TASK DETAILS:
This calls for a word-for-word copy of all the data, with each picture removed.

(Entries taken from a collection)

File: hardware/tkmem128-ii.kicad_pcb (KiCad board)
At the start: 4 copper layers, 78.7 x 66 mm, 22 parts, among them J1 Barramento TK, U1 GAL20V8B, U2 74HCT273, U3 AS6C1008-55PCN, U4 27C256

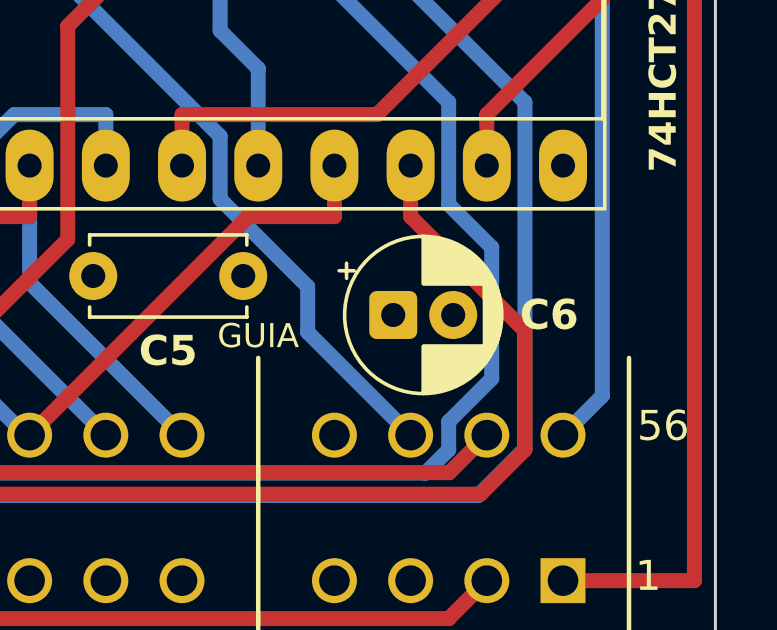
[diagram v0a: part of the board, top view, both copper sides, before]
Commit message: Afasta C6 tambem na horizontal: 0,80 mm para a esquerda
Depois de subir, a ilha 2 de C6 ainda ficava a 0,234 mm de uma vertical de D5
na face de tras. Dentro da regra (0,20), mas era a menor folga da placa
inteira, e num ponto onde a solda de um eletrolitico de 5 mm e feita a mao.

Andar na horizontal ataca essa folga de frente — 1 mm por milimetro, em vez de
1/raiz(2) como a diagonal do D3. Varredura de -0,1 a -2,5 mm:

    -0,10  0,334   (sai de cima do D5)
    -0,80  0,806   <- maximo
    -1,50  0,302
    -1,80  0,002   (a ilha 1 encosta no D7, que vem pelo outro lado)

Existe um otimo e ele nao esta na ponta: passar de 0,80 comeca a piorar. A pior
folga de C6 vai de 0,234 para 0,806 mm — 3,4 vezes — e as duas trilhas que
sobram mais perto (D7 a 0,806 e D3 a 0,831) ficam equilibradas.

O que nao mudou: 1,13 mm ate os terminais de J1 e 1,11 mm ate o corpo do
soquete de U2, porque o deslocamento e so horizontal. Sem rerotear, de novo:
as ilhas de C6 sao +5V e GND e tocam os planos internos direto.

DRC 0/0, os quatro conferidores OK.

Co-Authored-By: Claude Opus 5 <noreply@anthropic.com>
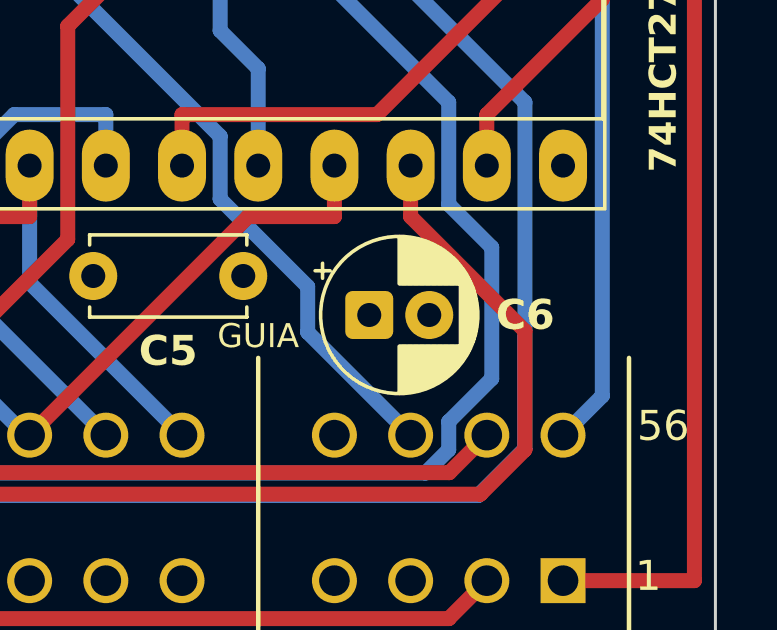
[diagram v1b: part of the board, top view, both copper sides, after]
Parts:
- moved C6 0.80 mm to (67.2, 54.3)
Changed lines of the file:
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@@
 	(footprint "CP_Radial_D5.0mm_P2.00mm"
 		(layer "F.Cu")
-		(at 68 54.3)
+		(at 67.2 54.3)
 		(descr "CP, Radial series, Radial, pin pitch=2.00mm, diameter=5mm, height=7mm, Electrolytic Capacitor")
 		(tags "CP Radial series Radial pin pitch 2.00mm diameter 5mm height 7mm Electrolytic Capacitor")

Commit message: Nota do R4 em duas linhas, e "do TK" vira "do micro"
Era uma linha so de 57 caracteres e 43,4 mm — mais da metade da largura da
placa, atravessando o verso inteiro. Agora sao duas: a funcao em cima, o efeito
entre parenteses embaixo, 28,1 mm na mais larga.

"do TK" virou "do micro" porque o pino 29 e N.C. nas duas maquinas e a placa
serve nas duas. O que e especifico do TK e o PONTO INTERNO onde o fio chega
(pino 10 do IC27), e isso e assunto de docs/PREPARAR-O-TK.md, nao de
serigrafia.

Nota de ferramenta: o mapa de espaco livre acusava a faixa y 49..51 como
ocupada, e o unico ocupante era o proprio texto que eu ia substituir. A
exclusao estava escrita como `d is not t`, e no SWIG dois proxies diferentes
podem embrulhar o mesmo objeto C++ — a identidade Python nao serve para
comparar itens do pcbnew.

DRC 0/0, os quatro conferidores OK.

Co-Authored-By: Claude Opus 5 <noreply@anthropic.com>
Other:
- board text added: "(auto-desativa a RAM de 32K do micro)"
- board text added: "R4: pull-up do pino 29"
- board text removed: "R4: pull-up do pino 29 (auto-desativa a RAM de 32K do TK)"
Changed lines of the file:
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@@
+		)
+	)
+	(gr_text "R4: pull-up do pino 29"
+		(at 23.5 49.4 0)
+		(layer "B.SilkS")
+		(effects
+			(font
+				(size 0.9 0.9)
+				(thickness 0.18)
+			)
+			(justify mirror)
+		)
+	)
+	(gr_text "(auto-desativa a RAM de 32K do micro)"
+		(at 23.5 51.6 0)
+		(layer "B.SilkS")
+		(effects
+			(font
+				(size 0.9 0.9)
+				(thickness 0.18)
+			)
+			(justify mirror)
 		)
 	)
@@
 		(layer "B.SilkS")
 		(effects
-			(font
-				(size 0.9 0.9)
-				(thickness 0.18)
-				(bold yes)
-			)
-			(justify mirror)
-		)
-	)
-	(gr_text "R4: pull-up do pino 29 (auto-desativa a RAM de 32K do TK)"
-		(at 23.5 50.5 0)
-		(layer "B.SilkS")
-		(effects

OUTPUT OF THE TASK:
File: hardware/tkmem128-ii.kicad_pcb (KiCad board)
At the start: 4 copper layers, 78.7 x 66 mm, 22 parts, among them J1 Barramento TK, U1 GAL20V8B, U2 74HCT273, U3 AS6C1008-55PCN, U4 27C256

[diagram v0a: part of the board, top view, both copper sides, before]
Commit message: Afasta C6 tambem na horizontal: 0,80 mm para a esquerda
Depois de subir, a ilha 2 de C6 ainda ficava a 0,234 mm de uma vertical de D5
na face de tras. Dentro da regra (0,20), mas era a menor folga da placa
inteira, e num ponto onde a solda de um eletrolitico de 5 mm e feita a mao.

Andar na horizontal ataca essa folga de frente — 1 mm por milimetro, em vez de
1/raiz(2) como a diagonal do D3. Varredura de -0,1 a -2,5 mm:

    -0,10  0,334   (sai de cima do D5)
    -0,80  0,806   <- maximo
    -1,50  0,302
    -1,80  0,002   (a ilha 1 encosta no D7, que vem pelo outro lado)

Existe um otimo e ele nao esta na ponta: passar de 0,80 comeca a piorar. A pior
folga de C6 vai de 0,234 para 0,806 mm — 3,4 vezes — e as duas trilhas que
sobram mais perto (D7 a 0,806 e D3 a 0,831) ficam equilibradas.

O que nao mudou: 1,13 mm ate os terminais de J1 e 1,11 mm ate o corpo do
soquete de U2, porque o deslocamento e so horizontal. Sem rerotear, de novo:
as ilhas de C6 sao +5V e GND e tocam os planos internos direto.

DRC 0/0, os quatro conferidores OK.

Co-Authored-By: Claude Opus 5 <noreply@anthropic.com>
[diagram v1b: part of the board, top view, both copper sides, after]
Parts:
- moved C6 0.80 mm to (67.2, 54.3)
Changed lines of the file:
@@
 	(footprint "CP_Radial_D5.0mm_P2.00mm"
 		(layer "F.Cu")
-		(at 68 54.3)
+		(at 67.2 54.3)
 		(descr "CP, Radial series, Radial, pin pitch=2.00mm, diameter=5mm, height=7mm, Electrolytic Capacitor")
 		(tags "CP Radial series Radial pin pitch 2.00mm diameter 5mm height 7mm Electrolytic Capacitor")

Commit message: Nota do R4 em duas linhas, e "do TK" vira "do micro"
Era uma linha so de 57 caracteres e 43,4 mm — mais da metade da largura da
placa, atravessando o verso inteiro. Agora sao duas: a funcao em cima, o efeito
entre parenteses embaixo, 28,1 mm na mais larga.

"do TK" virou "do micro" porque o pino 29 e N.C. nas duas maquinas e a placa
serve nas duas. O que e especifico do TK e o PONTO INTERNO onde o fio chega
(pino 10 do IC27), e isso e assunto de docs/PREPARAR-O-TK.md, nao de
serigrafia.

Nota de ferramenta: o mapa de espaco livre acusava a faixa y 49..51 como
ocupada, e o unico ocupante era o proprio texto que eu ia substituir. A
exclusao estava escrita como `d is not t`, e no SWIG dois proxies diferentes
podem embrulhar o mesmo objeto C++ — a identidade Python nao serve para
comparar itens do pcbnew.

DRC 0/0, os quatro conferidores OK.

Co-Authored-By: Claude Opus 5 <noreply@anthropic.com>
Other:
- board text added: "(auto-desativa a RAM de 32K do micro)"
- board text added: "R4: pull-up do pino 29"
- board text removed: "R4: pull-up do pino 29 (auto-desativa a RAM de 32K do TK)"
Changed lines of the file:
@@
+		)
+	)
+	(gr_text "R4: pull-up do pino 29"
+		(at 23.5 49.4 0)
+		(layer "B.SilkS")
+		(effects
+			(font
+				(size 0.9 0.9)
+				(thickness 0.18)
+			)
+			(justify mirror)
+		)
+	)
+	(gr_text "(auto-desativa a RAM de 32K do micro)"
+		(at 23.5 51.6 0)
+		(layer "B.SilkS")
+		(effects
+			(font
+				(size 0.9 0.9)
+				(thickness 0.18)
+			)
+			(justify mirror)
 		)
 	)
@@
 		(layer "B.SilkS")
 		(effects
-			(font
-				(size 0.9 0.9)
-				(thickness 0.18)
-				(bold yes)
-			)
-			(justify mirror)
-		)
-	)
-	(gr_text "R4: pull-up do pino 29 (auto-desativa a RAM de 32K do TK)"
-		(at 23.5 50.5 0)
-		(layer "B.SilkS")
-		(effects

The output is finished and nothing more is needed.